What an empiricist you are! :D

If you want to play that way, since they had not experiences spiritual death, and God told them that if they ate of the tree they would experience said death, then how did they have a "frame of reference" to understand God?

And, what happened to their children? Did they eat the fruit too?

Lay off the turkey, J.D.!
 
Paul - I can see this is going to be an even more extended discussion than I thought. Excellent! :) Now if I can keep you from chasing rabbits, we may get some good out of this!

I am going to enjoy the rest of T-day with my family, then I will respond to your longer post.

Man was created to rule over the earth, one responsibility of rule is regulation. Non-human death is a tool of regulation. Death is not intrinsically evil.
 
Paul - I can see this is going to be an even more extended discussion than I thought. Excellent! :) Now if I can keep you from chasing rabbits, we may get some good out of this!

I am going to enjoy the rest of T-day with my family, then I will respond to your longer post.
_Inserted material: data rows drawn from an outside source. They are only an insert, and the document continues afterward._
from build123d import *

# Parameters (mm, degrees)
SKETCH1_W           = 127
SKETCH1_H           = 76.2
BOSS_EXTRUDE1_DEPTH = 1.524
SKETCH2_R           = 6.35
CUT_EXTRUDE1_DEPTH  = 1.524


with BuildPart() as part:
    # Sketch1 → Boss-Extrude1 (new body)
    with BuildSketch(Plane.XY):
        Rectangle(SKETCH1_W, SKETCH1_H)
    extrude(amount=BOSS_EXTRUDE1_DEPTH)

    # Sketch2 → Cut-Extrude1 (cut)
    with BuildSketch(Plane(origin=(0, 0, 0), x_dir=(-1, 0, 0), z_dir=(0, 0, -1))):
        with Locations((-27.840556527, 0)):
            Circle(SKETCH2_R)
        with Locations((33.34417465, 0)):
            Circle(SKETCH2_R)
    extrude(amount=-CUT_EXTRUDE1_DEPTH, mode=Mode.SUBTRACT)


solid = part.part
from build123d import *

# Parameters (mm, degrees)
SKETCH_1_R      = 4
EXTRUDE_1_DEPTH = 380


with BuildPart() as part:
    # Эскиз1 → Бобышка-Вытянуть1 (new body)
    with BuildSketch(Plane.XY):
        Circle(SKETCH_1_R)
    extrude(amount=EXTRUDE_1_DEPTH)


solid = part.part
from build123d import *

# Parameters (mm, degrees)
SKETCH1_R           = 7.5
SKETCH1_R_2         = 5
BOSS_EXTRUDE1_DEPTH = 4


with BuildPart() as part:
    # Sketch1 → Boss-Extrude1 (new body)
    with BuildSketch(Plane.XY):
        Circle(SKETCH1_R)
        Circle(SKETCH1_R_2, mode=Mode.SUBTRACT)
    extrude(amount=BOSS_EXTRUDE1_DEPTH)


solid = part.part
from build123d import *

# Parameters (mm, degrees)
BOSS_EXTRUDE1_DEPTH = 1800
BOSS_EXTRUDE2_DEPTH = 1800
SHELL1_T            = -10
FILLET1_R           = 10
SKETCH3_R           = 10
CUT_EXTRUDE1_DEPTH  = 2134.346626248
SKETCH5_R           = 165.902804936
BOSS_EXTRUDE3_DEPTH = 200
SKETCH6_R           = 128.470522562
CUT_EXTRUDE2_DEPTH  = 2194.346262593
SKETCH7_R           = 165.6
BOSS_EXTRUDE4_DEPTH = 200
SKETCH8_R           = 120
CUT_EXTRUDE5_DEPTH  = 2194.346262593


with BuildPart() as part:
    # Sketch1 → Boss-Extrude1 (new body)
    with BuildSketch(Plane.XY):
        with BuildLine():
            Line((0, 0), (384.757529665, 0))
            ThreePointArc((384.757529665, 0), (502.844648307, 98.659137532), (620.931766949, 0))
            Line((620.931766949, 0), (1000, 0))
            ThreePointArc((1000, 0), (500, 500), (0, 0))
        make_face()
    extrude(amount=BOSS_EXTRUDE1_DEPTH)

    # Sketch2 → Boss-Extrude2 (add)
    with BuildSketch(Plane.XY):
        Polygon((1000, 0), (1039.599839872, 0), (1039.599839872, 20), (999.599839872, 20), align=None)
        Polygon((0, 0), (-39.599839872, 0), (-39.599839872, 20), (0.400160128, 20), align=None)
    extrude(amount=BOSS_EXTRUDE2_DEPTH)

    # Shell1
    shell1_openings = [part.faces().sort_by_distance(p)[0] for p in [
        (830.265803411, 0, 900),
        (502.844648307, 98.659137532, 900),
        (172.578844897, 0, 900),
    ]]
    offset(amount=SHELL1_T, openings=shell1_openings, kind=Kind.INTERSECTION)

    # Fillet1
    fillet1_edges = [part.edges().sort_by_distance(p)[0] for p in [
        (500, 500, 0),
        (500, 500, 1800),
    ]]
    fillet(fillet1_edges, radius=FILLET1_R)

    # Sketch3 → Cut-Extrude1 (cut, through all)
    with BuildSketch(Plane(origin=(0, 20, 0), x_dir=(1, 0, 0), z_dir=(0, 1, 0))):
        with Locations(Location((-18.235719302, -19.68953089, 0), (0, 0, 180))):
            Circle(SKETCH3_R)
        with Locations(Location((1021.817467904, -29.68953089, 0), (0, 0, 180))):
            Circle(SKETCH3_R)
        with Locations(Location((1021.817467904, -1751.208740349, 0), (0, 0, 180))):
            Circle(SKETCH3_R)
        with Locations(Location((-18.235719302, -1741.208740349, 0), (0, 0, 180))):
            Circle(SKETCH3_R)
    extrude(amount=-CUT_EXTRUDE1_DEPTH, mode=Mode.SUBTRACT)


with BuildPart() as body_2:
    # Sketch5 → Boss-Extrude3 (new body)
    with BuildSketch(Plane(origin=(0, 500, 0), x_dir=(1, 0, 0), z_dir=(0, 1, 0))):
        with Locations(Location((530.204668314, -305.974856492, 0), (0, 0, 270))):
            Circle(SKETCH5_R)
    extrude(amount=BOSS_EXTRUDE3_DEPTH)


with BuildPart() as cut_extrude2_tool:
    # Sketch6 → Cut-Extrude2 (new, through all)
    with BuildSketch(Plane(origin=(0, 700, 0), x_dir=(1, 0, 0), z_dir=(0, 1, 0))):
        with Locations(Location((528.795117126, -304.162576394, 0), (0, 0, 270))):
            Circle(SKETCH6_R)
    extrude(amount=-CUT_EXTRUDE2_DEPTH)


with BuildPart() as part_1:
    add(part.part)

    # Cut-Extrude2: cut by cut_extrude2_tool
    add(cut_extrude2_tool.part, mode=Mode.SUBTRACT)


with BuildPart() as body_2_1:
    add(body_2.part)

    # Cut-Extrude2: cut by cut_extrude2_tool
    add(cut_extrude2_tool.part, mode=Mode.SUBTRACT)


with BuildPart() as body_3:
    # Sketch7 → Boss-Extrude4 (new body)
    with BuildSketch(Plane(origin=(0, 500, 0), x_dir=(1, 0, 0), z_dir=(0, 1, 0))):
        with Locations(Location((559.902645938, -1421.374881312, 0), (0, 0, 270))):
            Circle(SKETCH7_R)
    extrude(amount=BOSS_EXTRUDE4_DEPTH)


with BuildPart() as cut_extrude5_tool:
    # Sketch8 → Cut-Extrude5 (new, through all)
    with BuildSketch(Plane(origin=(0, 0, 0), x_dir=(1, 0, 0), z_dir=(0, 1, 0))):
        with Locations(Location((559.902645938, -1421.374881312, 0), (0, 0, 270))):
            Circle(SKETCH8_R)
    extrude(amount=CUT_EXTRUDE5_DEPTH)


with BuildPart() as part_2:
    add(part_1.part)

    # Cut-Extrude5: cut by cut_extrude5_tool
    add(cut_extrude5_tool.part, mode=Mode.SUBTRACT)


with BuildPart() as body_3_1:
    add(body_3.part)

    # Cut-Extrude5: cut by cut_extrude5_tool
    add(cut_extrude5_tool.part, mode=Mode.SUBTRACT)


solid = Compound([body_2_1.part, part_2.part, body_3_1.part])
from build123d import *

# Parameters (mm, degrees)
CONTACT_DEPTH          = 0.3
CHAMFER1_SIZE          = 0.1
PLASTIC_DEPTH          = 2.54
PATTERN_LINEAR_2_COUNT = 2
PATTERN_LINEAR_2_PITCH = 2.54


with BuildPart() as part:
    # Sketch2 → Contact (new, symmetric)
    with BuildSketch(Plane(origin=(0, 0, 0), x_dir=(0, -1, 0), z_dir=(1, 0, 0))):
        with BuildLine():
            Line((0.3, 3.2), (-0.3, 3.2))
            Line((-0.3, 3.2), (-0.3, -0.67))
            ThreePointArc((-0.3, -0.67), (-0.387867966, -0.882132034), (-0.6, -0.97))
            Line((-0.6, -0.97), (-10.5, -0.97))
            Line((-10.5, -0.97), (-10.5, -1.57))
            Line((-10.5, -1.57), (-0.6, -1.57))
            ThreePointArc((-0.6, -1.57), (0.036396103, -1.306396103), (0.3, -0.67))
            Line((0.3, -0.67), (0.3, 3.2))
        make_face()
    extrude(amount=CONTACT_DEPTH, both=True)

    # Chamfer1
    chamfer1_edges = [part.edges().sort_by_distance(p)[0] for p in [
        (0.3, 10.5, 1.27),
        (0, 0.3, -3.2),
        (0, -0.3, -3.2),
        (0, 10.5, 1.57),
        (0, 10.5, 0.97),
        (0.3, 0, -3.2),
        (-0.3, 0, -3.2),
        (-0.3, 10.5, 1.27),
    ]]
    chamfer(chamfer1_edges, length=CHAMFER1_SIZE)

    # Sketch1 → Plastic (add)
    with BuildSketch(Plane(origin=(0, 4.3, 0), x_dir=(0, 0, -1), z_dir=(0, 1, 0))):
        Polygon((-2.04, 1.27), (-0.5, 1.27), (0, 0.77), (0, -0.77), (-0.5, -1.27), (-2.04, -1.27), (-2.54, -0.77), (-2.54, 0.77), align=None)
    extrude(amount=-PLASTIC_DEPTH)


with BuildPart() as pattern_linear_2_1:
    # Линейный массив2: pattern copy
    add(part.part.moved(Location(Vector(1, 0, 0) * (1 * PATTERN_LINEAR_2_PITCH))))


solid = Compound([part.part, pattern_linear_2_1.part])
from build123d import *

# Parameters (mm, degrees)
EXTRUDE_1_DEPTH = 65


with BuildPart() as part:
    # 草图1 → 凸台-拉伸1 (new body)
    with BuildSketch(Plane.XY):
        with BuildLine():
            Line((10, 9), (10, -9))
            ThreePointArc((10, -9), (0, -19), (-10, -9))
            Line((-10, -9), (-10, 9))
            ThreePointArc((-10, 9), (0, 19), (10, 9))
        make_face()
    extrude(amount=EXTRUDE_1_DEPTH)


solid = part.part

Man was created to rule over the earth, one responsibility of rule is regulation. Non-human death is a tool of regulation. Death is not intrinsically evil.


I chase all your rabbits down and kill them as well. Good stew.

Again, and for the last time, I'm not talking about non-human death. I said that in my first post in this thread.

Lastly, you argue from "non-human death" to "death is not intrinsically evil." This clearly doesn't follow.

Before you respond do attempt to at least make valid arguments.
 
JD has been fond of using this verse

Phi. 1:21 For to me, to live is Christ and to die is gain.

He's assuming that one can't gain from an evil.

Let's take an example. Families sometimes drift apart. And family tragedies sometimes bring families back together. Say a family member is murdered. As a result, the survivors no longer take each over for granted. They make time for each other. They value the time they spend together. They make the most of the time they have. That's a good result of a heinous crime.

Thus one could argue that the family gained from the murder of their family member. The murder was an evil.

J.D. has, again, given an argument which does not lead to his desired conclusion.
 
JD has been fond of using this verse

Phi. 1:21 For to me, to live is Christ and to die is gain.

He's assuming that one can't gain from an evil.

Sorry, couldn't let this pass:

I certainly do not assume one cannot gain from an evil. I gained a glorious Saviour from the evil of Adam.

So - wrong premise, wrong conclusion. :)
 
JD has been fond of using this verse

Phi. 1:21 For to me, to live is Christ and to die is gain.

He's assuming that one can't gain from an evil.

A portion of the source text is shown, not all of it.